Bank of Canada’s major interest rate hike is a signal the economy is in really big trouble


The Bank of Canada has pulled a new anti-inflation tool out of its pocket: a poker face.

Until Wednesday morning, the market chatter and the reading of the tea leaves was all about whether the central bank would raise its key rate by half a percentage point or dare to follow the U.S. Federal Reserve and go up three-quarters.

Surprise!

By taking pretty much everyone by storm and raising its key interest rates by a full percentage point, the central bank is leaving nothing to chance. They are pounding us with their message, loud and clear: they will not stop raising rates, dramatically, until inflation is conquered.

They call it “front-end loading” so they don’t have to pound us with even more later on.

“The Bank is guarding against the risk that high inflation becomes entrenched because if it does, restoring price stability will require even higher interest rates, leading to a weaker economy,” the bank’s quarterly report states.

For now, they’re essentially popping what remains of any Canadian housing bubble, hampering consumers’ ability to spend, betting on energy prices declining and assuming the global economy is grinding to a near-halt.

All of those factors will lead, eventually, to inflation coming back down to earth. Not right away, though. It probably won’t even peak until later this year — much later than what the bank used to think, even just three months ago.

So they’re also using their poker face to shock us out of our unhinged expectations for inflation. Normally, central bankers would at least give a hint they are about to make a giant, historic move. This time, we knew they would make a major hike, but not quite this big.

Point taken.

And for sure, the move is historic, not just for its surprise. It’s the first time for a 100 basis-point increase since 1998, when the Canadian dollar was sinking in the throes of the Asian financial crisis.
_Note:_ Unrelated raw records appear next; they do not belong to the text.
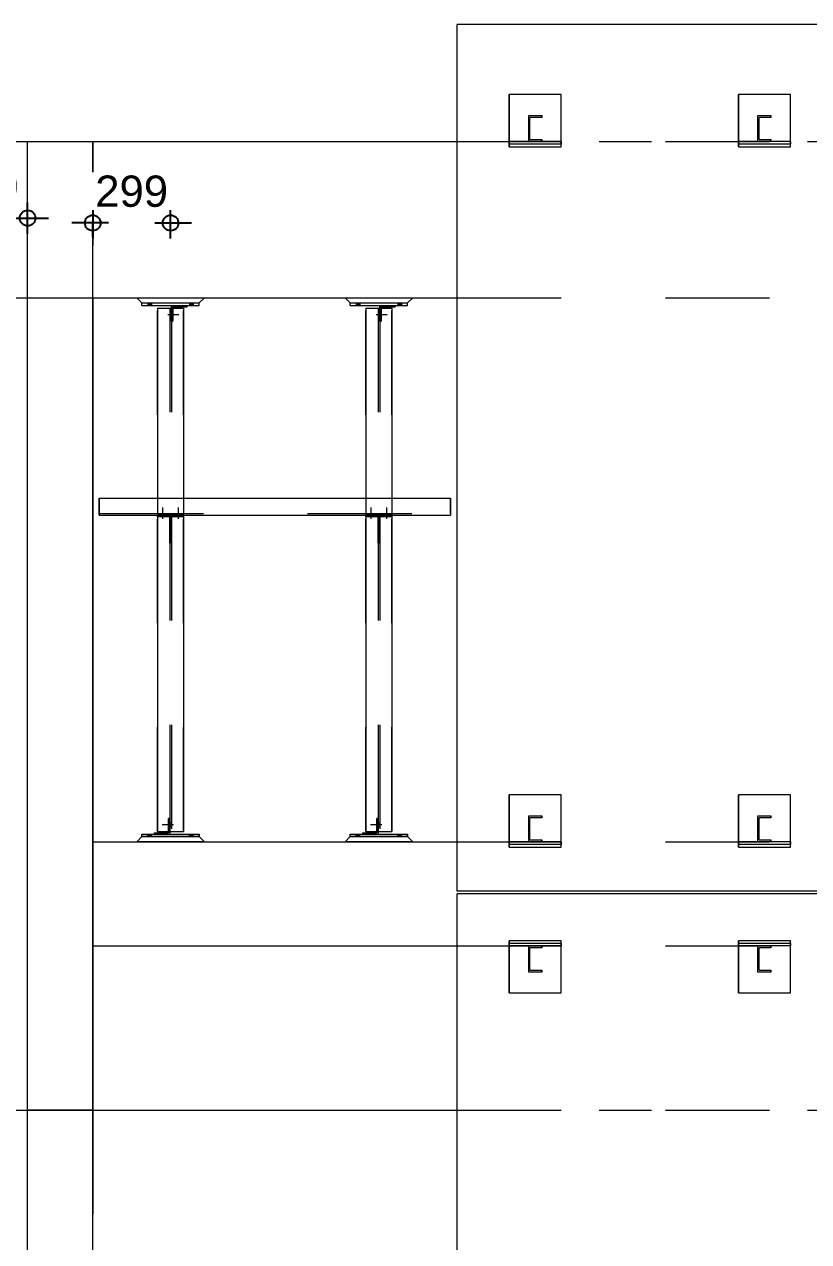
# Model space of a CAD drawing. Header units: millimetres. Extents: x 652937 to 1670132, y 1473552 to 2851037.
# Drawn here: x 663591.982 to 663594.993, y 1524533.015 to 1524537.69 of the extents above; entities that cross this region are included whole.
import ezdxf

# ---------------------------------------------------------------- set-up
doc = ezdxf.new("R2010")
doc.units = ezdxf.units.MM
for name, pattern in [('XKITLINE00', [0]), ('XKITLINE01', [4, 1, -1, 1, -1]), ('XKITLINE02', [4, 2, -2])]:
    doc.linetypes.add(name, pattern=pattern)
for name, color, linetype, lineweight in [('Bolt', 7, 'Continuous', 0), ('Part', 7, 'Continuous', 0), ('S-GRID', 7, 'Continuous', 9)]:
    doc.layers.add(name, color=color, linetype=linetype, lineweight=lineweight)
doc.layers.add('S-DIM', color=7, linetype='Continuous')
doc.styles.add('Arial', font='arial.ttf')
doc.dimstyles.new('Dim 40 - Cen', dxfattribs={"dimscale": 0.04, "dimtxt": 3, "dimasz": 1, "dimexe": 0, "dimexo": 1, "dimgap": 1.5, "dimtad": 1, "dimdec": 0, "dimlfac": 1000, "dimzin": 1, "dimdsep": 46, "dimtxsty": 'Arial', "dimblk": 'CEN1', "dimcen": 0.09, "dimclrd": 7, "dimclre": 7, "dimclrt": 7, "dimadec": 0, "dimazin": 0, "dimtfac": 1, "dimtdec": 0, "dimtix": 1, "dimtofl": 0, "dimtmove": 2, "dimatfit": 3, "dimfxl": 1, "dimtfill": 1, "dimtolj": 1, "dimtzin": 0, "dimarcsym": 1})

# ---------------------------------------------------------------- blocks, each defined once
blk = doc.blocks.new('*A39394463')
at = {"layer": 'S-GRID', "color": 7, "linetype": 'XKITLINE01', "lineweight": 0}
blk.add_line((-30.905117, -83.220099), (129.806536, -83.220099), dxfattribs=at)
blk = doc.blocks.new('*A39434467')
at = {"layer": 'S-GRID', "color": 7, "linetype": 'XKITLINE01', "lineweight": 0}
blk.add_line((-30.905117, -64.620099), (129.806536, -64.620099), dxfattribs=at)
blk = doc.blocks.new('*A40224546')
at = {"layer": 'Part', "color": 7, "linetype": 'XKITLINE00', "lineweight": 0}
for p, q in [((36.121892, -99.720099), (36.121892, -83.220099)), ((37.371892, -83.220099), (36.121892, -83.220099)), ((37.371892, -93.070099), (37.371892, -83.220099)), ((37.372292, -86.220099), (37.372292, -93.070099)), ((37.371892, -99.720099), (37.371892, -95.070099)), ((37.372292, -95.070099), (37.372292, -99.720099)), ((37.371892, -99.720099), (36.121892, -99.720099))]:
    blk.add_line(p, q, dxfattribs=at)
at = {"layer": 'Part', "color": 7, "linetype": 'XKITLINE02', "lineweight": 0}
for p, q in [((36.122292, -99.720099), (36.122292, -83.220099)), ((37.372292, -83.220099), (37.371892, -83.220099)), ((37.372292, -83.220099), (37.372292, -86.220099)), ((37.372292, -93.070099), (37.372292, -95.070099)), ((37.372292, -99.720099), (37.371892, -99.720099))]:
    blk.add_line(p, q, dxfattribs=at)
blk = doc.blocks.new('*A40314555')
at = {"layer": 'Part', "color": 7, "linetype": 'XKITLINE00', "lineweight": 0}
for p, q in [((51.765316, -62.370099), (44.365166, -62.370099)), ((44.365166, -79.020099), (44.365166, -62.370099)), ((51.765166, -79.020099), (44.365166, -79.020099)), ((51.765316, -79.070099), (44.365166, -79.070099)), ((44.365166, -93.970099), (44.365166, -79.070099))]:
    blk.add_line(p, q, dxfattribs=at)
at = {"layer": 'Part', "color": 7, "linetype": 'XKITLINE02', "lineweight": 0}
for p, q in [((44.365316, -79.020099), (44.365316, -62.370099)), ((44.365316, -93.970099), (44.365316, -79.070099))]:
    blk.add_line(p, q, dxfattribs=at)
blk = doc.blocks.new('*A44765000')
at = {"layer": 'Part', "color": 7, "linetype": 'XKITLINE00', "lineweight": 0}
blk.add_line((-7.628107, -83.220099), (44.365166, -83.220099), dxfattribs=at)
at = {"layer": 'Part', "color": 7, "linetype": 'XKITLINE02', "lineweight": 0}
blk.add_line((44.365166, -83.220099), (51.765341, -83.220099), dxfattribs=at)
blk = doc.blocks.new('*A44785002')
at = {"layer": 'Part', "color": 7, "linetype": 'XKITLINE00', "lineweight": 0}
for p, q in [((-7.628107, -64.620099), (44.365166, -64.620099)), ((-7.628107, -67.620099), (44.365166, -67.620099))]:
    blk.add_line(p, q, dxfattribs=at)
at = {"layer": 'Part', "color": 7, "linetype": 'XKITLINE02', "lineweight": 0}
for p, q in [((44.365166, -64.620099), (51.765341, -64.620099)), ((44.365166, -67.620099), (51.765341, -67.620099))]:
    blk.add_line(p, q, dxfattribs=at)
blk = doc.blocks.new('*A44795003')
at = {"layer": 'Part', "color": 7, "linetype": 'XKITLINE00', "lineweight": 0}
for p, q in [((37.371892, -80.070099), (37.371892, -78.070099)), ((37.371892, -78.070099), (44.365166, -78.070099)), ((37.371892, -80.070099), (44.365166, -80.070099))]:
    blk.add_line(p, q, dxfattribs=at)
at = {"layer": 'Part', "color": 7, "linetype": 'XKITLINE02', "lineweight": 0}
for p, q in [((37.371892, -78.070099), (37.372142, -78.070099)), ((37.372142, -78.070099), (37.372142, -80.070099)), ((44.365166, -78.070099), (51.765341, -78.070099)), ((37.372142, -80.070099), (37.371892, -80.070099)), ((44.365166, -80.070099), (51.765341, -80.070099))]:
    blk.add_line(p, q, dxfattribs=at)
blk = doc.blocks.new('*A44855009')
at = {"layer": 'Part', "color": 7, "linetype": 'XKITLINE02', "lineweight": 0}
for p, q in [((46.365369, -77.170099), (45.365357, -77.170099)), ((45.365357, -77.170099), (45.365357, -78.170099)), ((45.365369, -78.170099), (45.365369, -77.170099)), ((46.365357, -78.170099), (46.365357, -77.170099)), ((46.365369, -78.170099), (46.365369, -77.170099)), ((45.365357, -78.170099), (46.365369, -78.170099))]:
    blk.add_line(p, q, dxfattribs=at)
blk = doc.blocks.new('*A44865010')
at = {"layer": 'Part', "color": 7, "linetype": 'XKITLINE02', "lineweight": 0}
for p, q in [((46.36561, -78.070099), (45.365409, -78.070099)), ((45.365409, -78.120099), (45.365409, -78.070099)), ((45.36561, -78.120099), (45.36561, -78.070099)), ((46.365409, -78.070099), (46.36561, -78.070099)), ((46.365409, -78.120099), (46.365409, -78.070099)), ((46.36561, -78.070099), (46.36561, -78.120099)), ((46.36561, -78.120099), (45.365409, -78.120099)), ((46.36561, -78.120099), (46.365409, -78.120099))]:
    blk.add_line(p, q, dxfattribs=at)
blk = doc.blocks.new('*A44875011')
at = {"layer": 'Part', "color": 7, "linetype": 'XKITLINE02', "lineweight": 0}
for p, q in [((45.740384, -77.570099), (45.990525, -77.570099)), ((45.740384, -78.070099), (45.740384, -77.570099)), ((45.740525, -78.070099), (45.740525, -77.570099)), ((45.990525, -77.607599), (45.765384, -77.607599)), ((45.765384, -78.032599), (45.765384, -77.607599)), ((45.765525, -78.032599), (45.765525, -77.607599)), ((45.990384, -77.607599), (45.990384, -77.570099)), ((45.990525, -77.570099), (45.990525, -77.607599)), ((45.990525, -78.070099), (45.740384, -78.070099)), ((45.765384, -78.032599), (45.990525, -78.032599)), ((45.990384, -78.070099), (45.990384, -78.032599)), ((45.990525, -78.032599), (45.990525, -78.070099))]:
    blk.add_line(p, q, dxfattribs=at)
blk = doc.blocks.new('*A44885012')
at = {"layer": 'Part', "color": 7, "linetype": 'XKITLINE00', "lineweight": 0}
for p, q in [((38.851887, -71.975099), (38.851887, -71.825099)), ((38.851887, -71.825099), (38.881887, -71.825099)), ((38.851978, -72.325099), (38.851887, -71.975099)), ((38.851887, -71.975099), (38.881887, -71.975099)), ((38.881887, -71.975099), (38.881887, -71.825099)), ((38.881887, -71.975099), (38.881978, -72.325099)), ((38.882008, -72.325099), (38.882008, -71.825099)), ((38.852008, -72.325099), (38.851978, -72.325099)), ((38.851978, -72.325099), (38.882008, -72.325099))]:
    blk.add_line(p, q, dxfattribs=at)
at = {"layer": 'Part', "color": 7, "linetype": 'XKITLINE02', "lineweight": 0}
for p, q in [((38.851887, -71.825099), (38.852008, -71.825099)), ((38.852008, -71.825099), (38.852008, -72.325099)), ((38.881887, -71.825099), (38.882008, -71.825099)), ((38.882008, -71.825099), (38.881887, -71.825099))]:
    blk.add_line(p, q, dxfattribs=at)
blk = doc.blocks.new('*A44895013')
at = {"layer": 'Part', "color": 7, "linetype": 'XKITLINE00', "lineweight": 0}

But big moves in the bank’s key instrument in controlling inflation are not unusual at crisis points. They cut 100 basis points in October 2001 in the wake of the 9/11 attacks on the World Trade towers. They coordinated a large cut with other countries in October 2008 as big financial institutions failed and global trade collapsed in the outset of the Great Financial Crisis. They cut 75 points at the beginning of the pandemic, in tandem with big spending from the federal government.

Large, wake-up slaps in the face from the central bank signal the economy is in really big trouble. But this time, some of that trouble comes from missteps by the world’s central banks themselves.

Indeed, the bank’s report has a whole appendix on what they got wrong, which is refreshing. For more than a year, they and other central banks have been underestimating inflation because they didn’t foresee the surge in commodity prices, nor did they anticipate supply shortages or higher shipping costs. In the Canadian economy, they didn’t expect us to bounce back from the pandemic recession so fast, and they certainly didn’t see the big pandemic increase in house prices in the works.

Now, our collective obsession with housing the force that picked us up out of recession — is the thing that will drag us back down to the doldrums, with a push from the central bank.

“Households seeking to renew or take on a new mortgage now face five-year fixed mortgage rates at their highest level since 2010,” the bank’s report warns.

In part, it’s the price Canadians are paying for the Bank of Canada focusing last year on allowing the labour market to grow as much as it possibly could, promising Canadians rates would stay low for a very long time, and taking too much time to rein in their accommodations for the pandemic.

To be clear, the central bank doesn’t see a recession in our future. Their forecast is for the proverbial soft landing, with economic growth slowing down to 1.8 per cent next year before revving back up a bit to 2.4 per cent in 2024. In the long run, housing will eventually come back because immigration continues unabated and we don’t have enough homes for everyone.

For now, though, the bank’s fear is that inflation expectations remain unhinged, we get sucked into a wage-price spiral where workers demand better pay to cover higher costs, prompting businesses to raise their prices to deal with higher wages.

It’s the only factor in the bank’s quarterly report that warrants an explicit mention of recession. And it’s what could push the bank to use its interest rate to hammer with even more force, driving us into a contraction.

So the poker face could well come in handy again if we don’t all take a deep breath and trust that inflation will fade away. Let’s hope they don’t get it wrong this time.